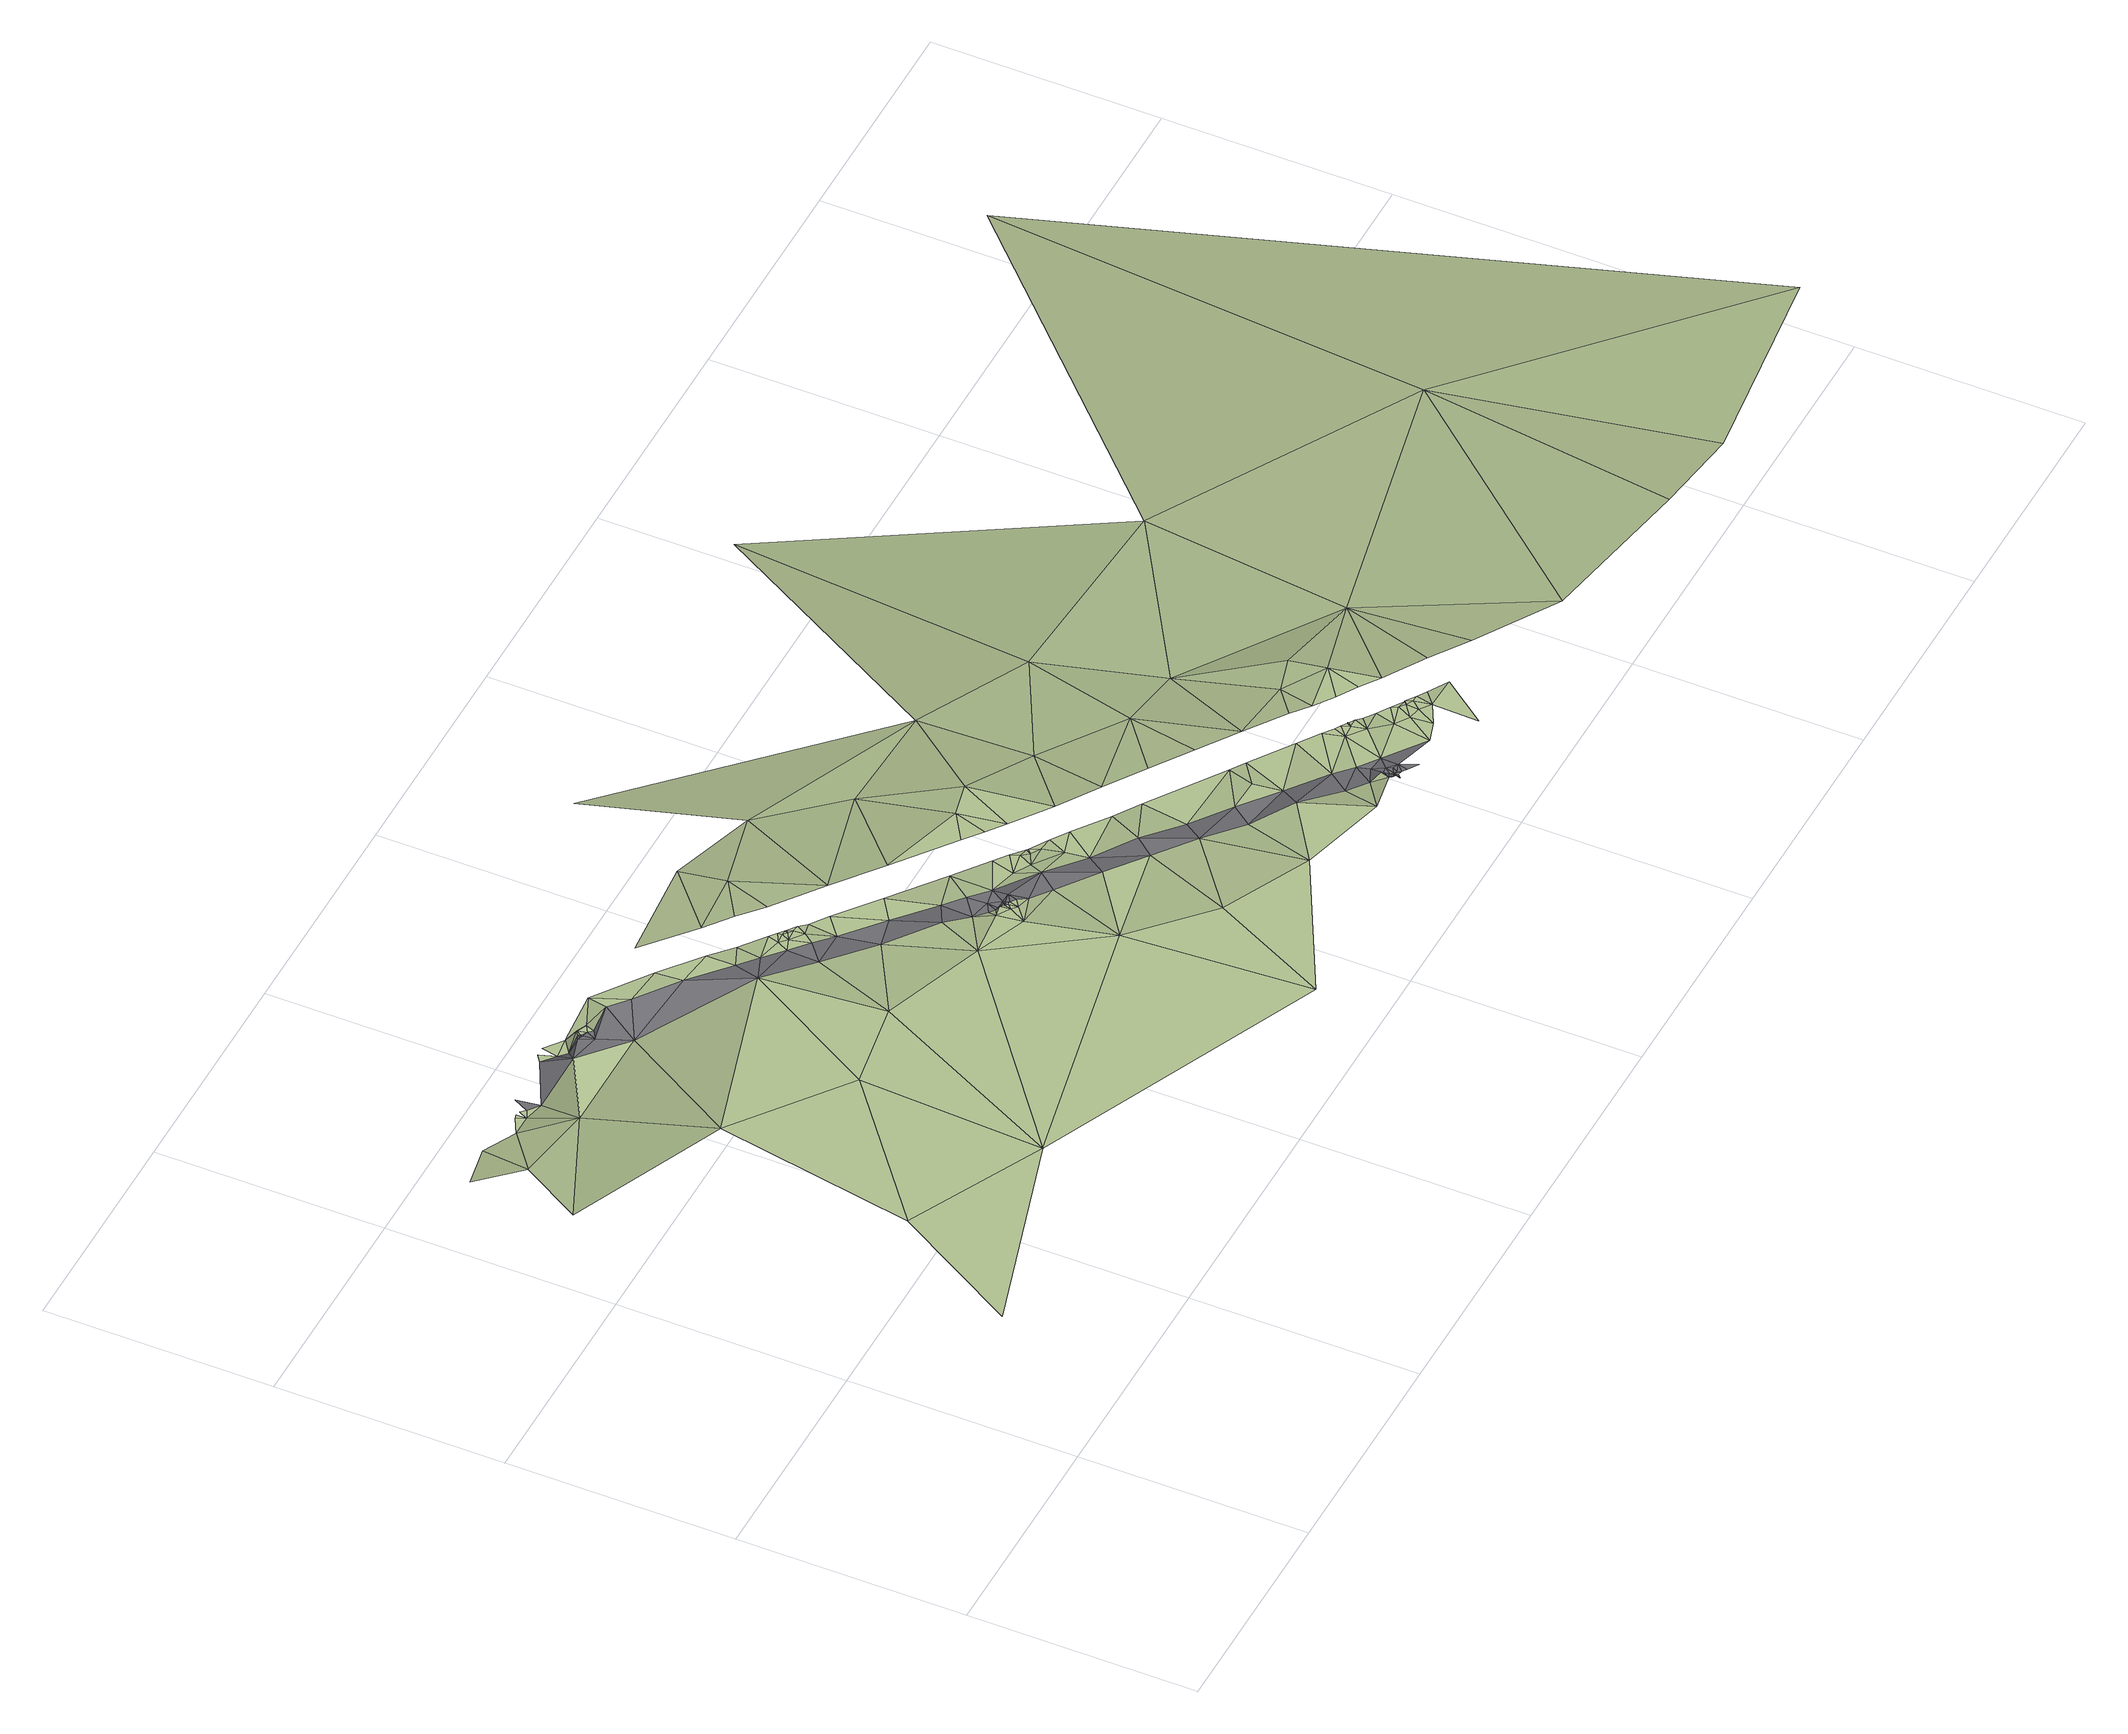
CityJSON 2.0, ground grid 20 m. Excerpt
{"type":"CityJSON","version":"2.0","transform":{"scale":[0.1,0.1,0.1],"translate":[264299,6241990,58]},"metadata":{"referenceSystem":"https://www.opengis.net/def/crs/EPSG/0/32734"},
"CityObjects":{
"terrain1":{"type":"TINRelief","geometry":[{"type":"CompositeSurface","lod":"1","boundaries":[[[0,1,2]],[[3,4,0]],[[2,3,0]],[[4,5,6]],[[6,5,7]],[[8,7,9]],[[7,10,9]],[[5,10,7]],[[10,5,11]],[[4,12,5]],[[11,13,10]],[[14,13,11]],[[5,15,11]],[[11,16,17]],[[16,11,15]],[[15,5,18]],[[2,19,3]],[[3,20,4]],[[12,18,5]],[[20,12,4]],[[21,22,23]],[[24,21,25]],[[26,21,24]],[[27,25,28]],[[28,29,30]],[[27,28,30]],[[30,31,27]],[[25,27,24]],[[27,31,32]],[[32,31,33]],[[24,27,32]],[[32,33,34]],[[35,19,2]],[[19,20,3]],[[24,32,36]],[[36,32,34]],[[37,36,34]],[[36,37,38]],[[39,38,37]],[[40,2,41]],[[40,35,2]],[[20,19,42]],[[39,43,38]],[[43,39,44]],[[42,19,45]],[[43,44,46]],[[47,46,44]],[[35,45,19]],[[47,48,49]],[[47,50,46]],[[50,47,49]],[[51,49,48]],[[48,52,51]],[[53,49,51]],[[54,50,49]],[[49,53,54]],[[51,52,55]],[[53,51,56]],[[57,55,52]],[[51,58,56]],[[58,51,55]],[[59,54,53]],[[53,56,59]],[[56,60,59]],[[56,58,60]],[[58,55,61]],[[58,61,60]],[[57,62,55]],[[62,61,55]],[[45,35,63]],[[64,65,66]],[[62,57,67]],[[57,68,67]],[[69,63,35]],[[66,70,71]],[[35,40,72]],[[72,73,35]],[[73,69,35]],[[40,41,74]],[[70,75,71]],[[67,68,76]],[[64,66,71]],[[77,76,68]],[[78,73,72]],[[79,69,73]],[[79,73,80]],[[72,81,78]],[[82,73,78]],[[80,73,82]],[[75,83,71]],[[72,40,84]],[[82,78,85]],[[86,80,82]],[[78,87,85]],[[81,87,78]],[[72,88,81]],[[86,82,85]],[[86,85,89]],[[85,87,89]],[[90,87,81]],[[89,87,90]],[[90,81,91]],[[91,81,88]],[[72,84,88]],[[76,77,92]],[[93,92,77]],[[41,94,74]],[[95,84,40]],[[96,92,93]],[[40,74,97]],[[98,71,83]],[[92,96,99]],[[96,100,101]],[[97,95,40]],[[71,98,64]],[[99,96,101]],[[100,102,101]],[[101,103,99]],[[101,102,104]],[[101,104,103]],[[105,83,106]],[[102,100,107]],[[108,104,102]],[[100,109,107]],[[102,110,108]],[[103,104,111]],[[112,97,74]],[[102,107,110]],[[108,111,104]],[[94,112,74]],[[111,108,113]],[[113,108,110]],[[106,114,115]],[[98,83,105]],[[107,116,110]],[[116,113,110]],[[107,109,117]],[[117,116,107]],[[118,115,114]],[[115,105,106]],[[119,109,120]],[[109,119,117]],[[121,115,118]],[[122,112,94]],[[121,123,115]],[[124,120,125]],[[120,124,119]],[[126,123,121]],[[94,127,122]],[[105,115,123]],[[94,128,127]],[[129,124,125]],[[130,131,98]],[[105,130,98]],[[125,132,129]],[[123,126,133]],[[126,134,133]],[[127,128,135]],[[132,136,137]],[[123,130,105]],[[129,132,137]],[[128,138,135]],[[128,139,138]],[[140,137,136]],[[130,123,133]],[[140,129,137]],[[138,139,141]],[[142,134,143]],[[144,139,145]],[[146,141,139]],[[146,139,144]],[[134,142,133]],[[147,136,148]],[[149,150,145]],[[145,150,144]],[[136,147,140]],[[146,144,151]],[[151,144,150]],[[152,150,149]],[[150,152,151]],[[152,153,151]],[[142,143,154]],[[155,148,156]],[[148,157,147]],[[158,155,156]],[[148,155,157]],[[154,159,142]],[[155,158,160]],[[161,158,162]],[[163,157,155]],[[158,161,160]],[[130,133,164]],[[155,165,163]],[[155,166,165]],[[155,160,166]],[[164,133,142]],[[165,166,167]],[[168,167,166]],[[166,160,169]],[[170,167,168]],[[168,166,169]],[[160,171,169]],[[161,162,172]],[[159,173,174]],[[175,142,159]],[[160,161,176]],[[177,172,162]],[[171,160,176]],[[161,178,176]],[[172,179,161]],[[172,177,180]],[[161,179,178]],[[174,173,181]],[[174,175,159]],[[182,180,177]],[[183,172,180]],[[183,179,172]],[[184,178,179]],[[184,179,183]],[[185,183,180]],[[182,185,180]],[[186,184,183]],[[183,185,186]],[[142,175,164]],[[187,185,182]],[[186,185,187]],[[188,189,181]],[[190,182,191]],[[181,189,174]],[[192,187,182]],[[189,188,193]],[[182,190,192]],[[174,194,175]],[[193,195,189]],[[194,174,189]],[[196,130,164]],[[189,195,197]],[[194,197,175]],[[189,197,194]],[[197,195,198]],[[198,199,197]],[[175,200,164]],[[197,199,201]],[[200,175,197]],[[200,196,164]],[[201,202,197]],[[200,197,202]],[[202,201,203]],[[202,203,204]],[[205,200,202]],[[202,204,206]],[[205,202,206]]]}]},
"road1":{"type":"Road","attributes":{"highway":"motorway_link","surface":"asphalt","lanes":1,"width":2.2,"oneway":"yes"},"geometry":[{"type":"MultiSurface","lod":"1","boundaries":[[[16,15,207]],[[18,23,15]],[[21,23,18]],[[21,18,25]],[[25,18,208]],[[208,18,209]],[[18,12,209]],[[25,208,28]],[[209,210,208]],[[28,208,29]],[[29,208,210]],[[30,29,210]],[[31,210,209]],[[30,210,31]],[[33,31,209]],[[34,209,12]],[[33,209,34]],[[12,37,34]],[[12,39,37]],[[12,20,39]],[[39,20,44]],[[44,20,47]],[[47,20,48]],[[42,48,20]],[[48,42,52]],[[42,57,52]],[[42,45,57]],[[57,45,68]],[[68,45,63]],[[77,68,63]],[[69,77,63]],[[211,69,79]],[[77,69,93]],[[79,80,211]],[[212,80,86]],[[69,211,93]],[[211,80,212]],[[213,212,86]],[[86,89,213]],[[89,214,213]],[[89,90,214]],[[215,212,213]],[[212,215,211]],[[215,213,214]],[[216,214,90]],[[216,90,91]],[[214,216,215]],[[96,93,211]],[[211,215,96]],[[91,88,216]],[[216,96,215]],[[100,216,88]],[[100,96,216]],[[88,84,100]],[[100,84,95]],[[95,109,100]],[[97,109,95]],[[109,97,120]],[[120,97,112]],[[112,125,120]],[[112,132,125]],[[132,112,122]],[[122,136,132]],[[122,127,136]],[[136,127,148]],[[148,127,135]],[[156,135,138]],[[156,148,135]],[[138,141,217]],[[146,218,141]],[[146,151,219]],[[218,146,219]],[[138,217,156]],[[141,218,217]],[[151,220,219]],[[221,220,151]],[[222,218,219]],[[151,153,221]],[[219,220,222]],[[220,221,223]],[[217,218,222]],[[223,222,220]],[[224,221,153]],[[221,224,223]],[[224,153,225]],[[224,222,223]],[[217,158,156]],[[158,217,222]],[[225,226,224]],[[224,158,222]],[[162,158,224]]]}]}
},
"vertices":[
[71,181,119],[2,66,122],[191,122,119],[204,287,114],[108,361,113],[119,488,63],[30,451,50],[65,507,46],[46,548,32],[83,555,31],[102,535,42],[121,535,42],[198,479,83],[117,543,42],[121,544,42],[139,531,42],[129,539,42],[125,543,42],[159,513,83],[284,300,114],[277,410,111],[171,532,67],[166,547,67],[159,542,67],[190,535,67],[178,526,67],[174,547,67],[188,524,83],[184,521,83],[184,519,83],[185,519,83],[190,516,83],[197,520,83],[194,512,83],[202,505,105],[376,267,114],[205,522,105],[218,491,105],[250,486,108],[251,462,109],[440,175,114],[446,8,119],[316,376,109],[284,458,109],[284,433,109],[355,341,109],[304,441,108],[300,419,109],[317,404,109],[322,414,109],[325,424,109],[328,408,109],[333,390,109],[332,415,109],[331,419,109],[340,399,109],[335,412,109],[349,376,108],[339,409,109],[336,415,109],[337,414,109],[345,408,109],[352,402,108],[394,307,113],[373,526,96],[269,512,108],[313,476,107],[367,391,108],[382,347,109],[414,290,109],[335,458,108],[373,482,104],[423,250,113],[420,272,113],[501,115,116],[357,440,107],[404,362,108],[415,318,109],[431,265,113],[424,281,109],[429,277,109],[436,261,113],[430,274,113],[399,408,107],[468,246,110],[433,271,113],[434,273,113],[435,269,113],[451,259,110],[434,272,113],[438,269,113],[443,266,113],[450,327,107],[432,304,109],[580,78,115],[502,220,111],[448,289,109],[535,194,111],[457,505,88],[479,304,108],[482,263,110],[473,283,108],[488,275,108],[491,295,108],[494,287,108],[514,440,89],[440,376,107],[512,257,108],[500,281,107],[515,237,108],[509,276,107],[503,286,107],[569,168,111],[504,285,107],[491,337,107],[517,354,106],[520,274,108],[535,264,108],[507,324,107],[566,242,107],[549,211,111],[523,312,107],[603,142,108],[548,361,106],[589,227,107],[582,185,108],[558,288,106],[636,116,114],[658,57,115],[654,183,106],[620,438,84],[450,652,52],[616,160,108],[614,333,94],[593,264,107],[670,90,108],[650,134,107],[646,159,108],[687,77,108],[692,63,115],[666,174,107],[695,71,115],[682,282,97],[628,241,106],[700,64,108],[697,59,115],[699,67,108],[704,149,106],[683,108,108],[702,58,108],[703,62,108],[704,64,108],[705,61,108],[709,60,108],[663,217,106],[728,118,106],[700,95,106],[723,136,106],[717,82,106],[698,193,106],[743,106,106],[758,90,105],[753,57,105],[732,129,106],[720,388,82],[737,126,106],[740,119,106],[742,123,106],[743,122,106],[748,119,106],[743,123,106],[753,115,105],[770,82,105],[732,169,106],[759,189,101],[750,280,83],[763,108,105],[772,63,105],[774,101,105],[777,95,105],[781,80,105],[750,157,104],[791,73,105],[782,91,105],[784,94,105],[788,88,105],[785,94,105],[794,88,105],[767,145,104],[794,165,104],[820,72,105],[790,32,105],[803,83,104],[785,134,104],[791,198,101],[802,122,104],[805,684,15],[881,190,84],[838,100,104],[873,78,102],[917,383,68],[944,34,102],[1144,250,70],[1089,11,97],[1178,7,83],[1242,675,0],[1374,35,72],
[136,552,42],[180,519,83],[186,507,83],[185,517,83],[433,286,109],[432,276,109],[435,274,113],[437,272,113],[440,276,109],[445,274,113],[703,84,106],[702,72,108],[702,67,108],[705,65,108],[707,63,108],[707,73,108],[710,68,108],[715,66,108],[713,57,108],[722,51,108]
]}

INSTRUCTIONS FOR THE TASK:
Please go through the data above and copy each line containing the word "CityJSON".

RESPONSE BOX:
CityJSON 2.0, ground grid 20 m. Excerpt
{"type":"CityJSON","version":"2.0","transform":{"scale":[0.1,0.1,0.1],"translate":[264299,6241990,58]},"metadata":{"referenceSystem":"https://www.opengis.net/def/crs/EPSG/0/32734"},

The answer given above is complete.